Repeat the listing below exactly.
[DATA FOR PROCESSING Boundary: Start]
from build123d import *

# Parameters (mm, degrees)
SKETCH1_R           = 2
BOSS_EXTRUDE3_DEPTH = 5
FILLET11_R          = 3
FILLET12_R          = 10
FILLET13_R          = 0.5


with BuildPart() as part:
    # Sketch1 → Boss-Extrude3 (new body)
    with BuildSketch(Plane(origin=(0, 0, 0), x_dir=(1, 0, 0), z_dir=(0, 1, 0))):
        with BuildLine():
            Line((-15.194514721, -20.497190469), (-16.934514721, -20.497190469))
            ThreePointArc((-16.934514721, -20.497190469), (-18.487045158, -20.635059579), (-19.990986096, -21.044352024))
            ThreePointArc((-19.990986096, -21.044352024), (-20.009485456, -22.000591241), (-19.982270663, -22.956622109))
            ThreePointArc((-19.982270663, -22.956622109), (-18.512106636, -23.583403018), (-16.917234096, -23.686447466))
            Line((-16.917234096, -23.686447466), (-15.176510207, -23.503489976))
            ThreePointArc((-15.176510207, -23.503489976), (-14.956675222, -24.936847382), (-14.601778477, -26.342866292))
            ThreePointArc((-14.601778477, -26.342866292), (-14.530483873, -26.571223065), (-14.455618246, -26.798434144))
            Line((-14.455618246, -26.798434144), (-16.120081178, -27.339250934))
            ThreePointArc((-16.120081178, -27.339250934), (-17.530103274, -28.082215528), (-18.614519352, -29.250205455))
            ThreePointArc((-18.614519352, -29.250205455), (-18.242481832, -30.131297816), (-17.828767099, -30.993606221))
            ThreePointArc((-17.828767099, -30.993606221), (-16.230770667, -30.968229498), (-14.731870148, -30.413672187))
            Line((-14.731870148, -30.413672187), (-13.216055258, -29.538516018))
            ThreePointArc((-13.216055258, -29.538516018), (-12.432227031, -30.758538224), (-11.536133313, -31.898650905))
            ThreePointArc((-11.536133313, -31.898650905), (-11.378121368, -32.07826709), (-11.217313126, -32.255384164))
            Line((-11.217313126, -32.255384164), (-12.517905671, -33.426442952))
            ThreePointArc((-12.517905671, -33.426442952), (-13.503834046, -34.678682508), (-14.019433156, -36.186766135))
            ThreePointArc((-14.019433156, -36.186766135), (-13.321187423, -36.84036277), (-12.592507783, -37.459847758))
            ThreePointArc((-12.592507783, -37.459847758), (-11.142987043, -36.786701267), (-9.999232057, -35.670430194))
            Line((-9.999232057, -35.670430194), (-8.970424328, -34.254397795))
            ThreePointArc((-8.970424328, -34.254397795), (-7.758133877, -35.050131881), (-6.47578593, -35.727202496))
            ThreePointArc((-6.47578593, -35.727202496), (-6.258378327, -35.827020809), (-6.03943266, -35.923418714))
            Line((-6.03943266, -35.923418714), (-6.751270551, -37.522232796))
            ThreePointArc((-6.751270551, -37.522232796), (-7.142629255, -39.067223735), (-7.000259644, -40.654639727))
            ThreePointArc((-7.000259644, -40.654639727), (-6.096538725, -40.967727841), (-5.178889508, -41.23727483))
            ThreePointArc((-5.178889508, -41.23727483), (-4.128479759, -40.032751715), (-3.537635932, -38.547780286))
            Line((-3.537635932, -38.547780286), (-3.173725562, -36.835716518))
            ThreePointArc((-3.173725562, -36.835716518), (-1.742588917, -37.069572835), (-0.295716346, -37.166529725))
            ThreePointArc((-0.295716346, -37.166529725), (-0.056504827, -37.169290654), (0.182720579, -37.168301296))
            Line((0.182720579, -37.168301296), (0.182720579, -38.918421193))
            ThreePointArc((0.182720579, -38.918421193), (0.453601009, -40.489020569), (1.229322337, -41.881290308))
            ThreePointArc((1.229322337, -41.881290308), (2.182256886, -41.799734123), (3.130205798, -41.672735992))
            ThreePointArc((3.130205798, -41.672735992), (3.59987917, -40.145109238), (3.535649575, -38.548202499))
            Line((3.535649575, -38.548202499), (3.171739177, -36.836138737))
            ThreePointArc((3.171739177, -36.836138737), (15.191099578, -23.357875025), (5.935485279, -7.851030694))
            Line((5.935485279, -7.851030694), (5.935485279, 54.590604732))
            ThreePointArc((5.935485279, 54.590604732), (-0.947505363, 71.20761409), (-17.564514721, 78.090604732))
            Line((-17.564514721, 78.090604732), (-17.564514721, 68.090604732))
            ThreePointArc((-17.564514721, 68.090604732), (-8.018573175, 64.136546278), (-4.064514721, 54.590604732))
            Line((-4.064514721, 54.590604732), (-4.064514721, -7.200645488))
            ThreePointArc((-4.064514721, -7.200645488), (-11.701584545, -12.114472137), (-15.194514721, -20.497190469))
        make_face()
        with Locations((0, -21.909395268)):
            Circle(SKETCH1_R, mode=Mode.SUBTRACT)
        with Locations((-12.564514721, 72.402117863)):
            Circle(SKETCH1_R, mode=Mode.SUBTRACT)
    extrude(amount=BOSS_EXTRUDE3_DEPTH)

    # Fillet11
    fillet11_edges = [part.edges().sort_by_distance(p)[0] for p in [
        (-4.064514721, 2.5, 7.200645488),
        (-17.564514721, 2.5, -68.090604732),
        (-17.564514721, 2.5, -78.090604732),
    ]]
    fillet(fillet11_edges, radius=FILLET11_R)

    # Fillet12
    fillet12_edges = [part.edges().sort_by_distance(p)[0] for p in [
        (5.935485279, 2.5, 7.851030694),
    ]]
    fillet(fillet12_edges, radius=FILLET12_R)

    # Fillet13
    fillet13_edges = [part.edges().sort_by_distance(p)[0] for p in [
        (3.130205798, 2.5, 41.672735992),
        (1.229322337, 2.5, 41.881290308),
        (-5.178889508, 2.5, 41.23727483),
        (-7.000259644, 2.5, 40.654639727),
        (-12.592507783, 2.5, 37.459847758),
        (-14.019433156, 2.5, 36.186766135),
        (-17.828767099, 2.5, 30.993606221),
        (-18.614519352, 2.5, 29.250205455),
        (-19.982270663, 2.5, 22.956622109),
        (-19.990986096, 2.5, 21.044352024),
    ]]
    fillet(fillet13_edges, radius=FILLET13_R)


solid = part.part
[DATA FOR PROCESSING Boundary: End]
TASK RESPONSE
from build123d import *

# Parameters (mm, degrees)
SKETCH1_R           = 2
BOSS_EXTRUDE3_DEPTH = 5
FILLET11_R          = 3
FILLET12_R          = 10
FILLET13_R          = 0.5


with BuildPart() as part:
    # Sketch1 → Boss-Extrude3 (new body)
    with BuildSketch(Plane(origin=(0, 0, 0), x_dir=(1, 0, 0), z_dir=(0, 1, 0))):
        with BuildLine():
            Line((-15.194514721, -20.497190469), (-16.934514721, -20.497190469))
            ThreePointArc((-16.934514721, -20.497190469), (-18.487045158, -20.635059579), (-19.990986096, -21.044352024))
            ThreePointArc((-19.990986096, -21.044352024), (-20.009485456, -22.000591241), (-19.982270663, -22.956622109))
            ThreePointArc((-19.982270663, -22.956622109), (-18.512106636, -23.583403018), (-16.917234096, -23.686447466))
            Line((-16.917234096, -23.686447466), (-15.176510207, -23.503489976))
            ThreePointArc((-15.176510207, -23.503489976), (-14.956675222, -24.936847382), (-14.601778477, -26.342866292))
            ThreePointArc((-14.601778477, -26.342866292), (-14.530483873, -26.571223065), (-14.455618246, -26.798434144))
            Line((-14.455618246, -26.798434144), (-16.120081178, -27.339250934))
            ThreePointArc((-16.120081178, -27.339250934), (-17.530103274, -28.082215528), (-18.614519352, -29.250205455))
            ThreePointArc((-18.614519352, -29.250205455), (-18.242481832, -30.131297816), (-17.828767099, -30.993606221))
            ThreePointArc((-17.828767099, -30.993606221), (-16.230770667, -30.968229498), (-14.731870148, -30.413672187))
            Line((-14.731870148, -30.413672187), (-13.216055258, -29.538516018))
            ThreePointArc((-13.216055258, -29.538516018), (-12.432227031, -30.758538224), (-11.536133313, -31.898650905))
            ThreePointArc((-11.536133313, -31.898650905), (-11.378121368, -32.07826709), (-11.217313126, -32.255384164))
            Line((-11.217313126, -32.255384164), (-12.517905671, -33.426442952))
            ThreePointArc((-12.517905671, -33.426442952), (-13.503834046, -34.678682508), (-14.019433156, -36.186766135))
            ThreePointArc((-14.019433156, -36.186766135), (-13.321187423, -36.84036277), (-12.592507783, -37.459847758))
            ThreePointArc((-12.592507783, -37.459847758), (-11.142987043, -36.786701267), (-9.999232057, -35.670430194))
            Line((-9.999232057, -35.670430194), (-8.970424328, -34.254397795))
            ThreePointArc((-8.970424328, -34.254397795), (-7.758133877, -35.050131881), (-6.47578593, -35.727202496))
            ThreePointArc((-6.47578593, -35.727202496), (-6.258378327, -35.827020809), (-6.03943266, -35.923418714))
            Line((-6.03943266, -35.923418714), (-6.751270551, -37.522232796))
            ThreePointArc((-6.751270551, -37.522232796), (-7.142629255, -39.067223735), (-7.000259644, -40.654639727))
            ThreePointArc((-7.000259644, -40.654639727), (-6.096538725, -40.967727841), (-5.178889508, -41.23727483))
            ThreePointArc((-5.178889508, -41.23727483), (-4.128479759, -40.032751715), (-3.537635932, -38.547780286))
            Line((-3.537635932, -38.547780286), (-3.173725562, -36.835716518))
            ThreePointArc((-3.173725562, -36.835716518), (-1.742588917, -37.069572835), (-0.295716346, -37.166529725))
            ThreePointArc((-0.295716346, -37.166529725), (-0.056504827, -37.169290654), (0.182720579, -37.168301296))
            Line((0.182720579, -37.168301296), (0.182720579, -38.918421193))
            ThreePointArc((0.182720579, -38.918421193), (0.453601009, -40.489020569), (1.229322337, -41.881290308))
            ThreePointArc((1.229322337, -41.881290308), (2.182256886, -41.799734123), (3.130205798, -41.672735992))
            ThreePointArc((3.130205798, -41.672735992), (3.59987917, -40.145109238), (3.535649575, -38.548202499))
            Line((3.535649575, -38.548202499), (3.171739177, -36.836138737))
            ThreePointArc((3.171739177, -36.836138737), (15.191099578, -23.357875025), (5.935485279, -7.851030694))
            Line((5.935485279, -7.851030694), (5.935485279, 54.590604732))
            ThreePointArc((5.935485279, 54.590604732), (-0.947505363, 71.20761409), (-17.564514721, 78.090604732))
            Line((-17.564514721, 78.090604732), (-17.564514721, 68.090604732))
            ThreePointArc((-17.564514721, 68.090604732), (-8.018573175, 64.136546278), (-4.064514721, 54.590604732))
            Line((-4.064514721, 54.590604732), (-4.064514721, -7.200645488))
            ThreePointArc((-4.064514721, -7.200645488), (-11.701584545, -12.114472137), (-15.194514721, -20.497190469))
        make_face()
        with Locations((0, -21.909395268)):
            Circle(SKETCH1_R, mode=Mode.SUBTRACT)
        with Locations((-12.564514721, 72.402117863)):
            Circle(SKETCH1_R, mode=Mode.SUBTRACT)
    extrude(amount=BOSS_EXTRUDE3_DEPTH)

    # Fillet11
    fillet11_edges = [part.edges().sort_by_distance(p)[0] for p in [
        (-4.064514721, 2.5, 7.200645488),
        (-17.564514721, 2.5, -68.090604732),
        (-17.564514721, 2.5, -78.090604732),
    ]]
    fillet(fillet11_edges, radius=FILLET11_R)

    # Fillet12
    fillet12_edges = [part.edges().sort_by_distance(p)[0] for p in [
        (5.935485279, 2.5, 7.851030694),
    ]]
    fillet(fillet12_edges, radius=FILLET12_R)

    # Fillet13
    fillet13_edges = [part.edges().sort_by_distance(p)[0] for p in [
        (3.130205798, 2.5, 41.672735992),
        (1.229322337, 2.5, 41.881290308),
        (-5.178889508, 2.5, 41.23727483),
        (-7.000259644, 2.5, 40.654639727),
        (-12.592507783, 2.5, 37.459847758),
        (-14.019433156, 2.5, 36.186766135),
        (-17.828767099, 2.5, 30.993606221),
        (-18.614519352, 2.5, 29.250205455),
        (-19.982270663, 2.5, 22.956622109),
        (-19.990986096, 2.5, 21.044352024),
    ]]
    fillet(fillet13_edges, radius=FILLET13_R)


solid = part.part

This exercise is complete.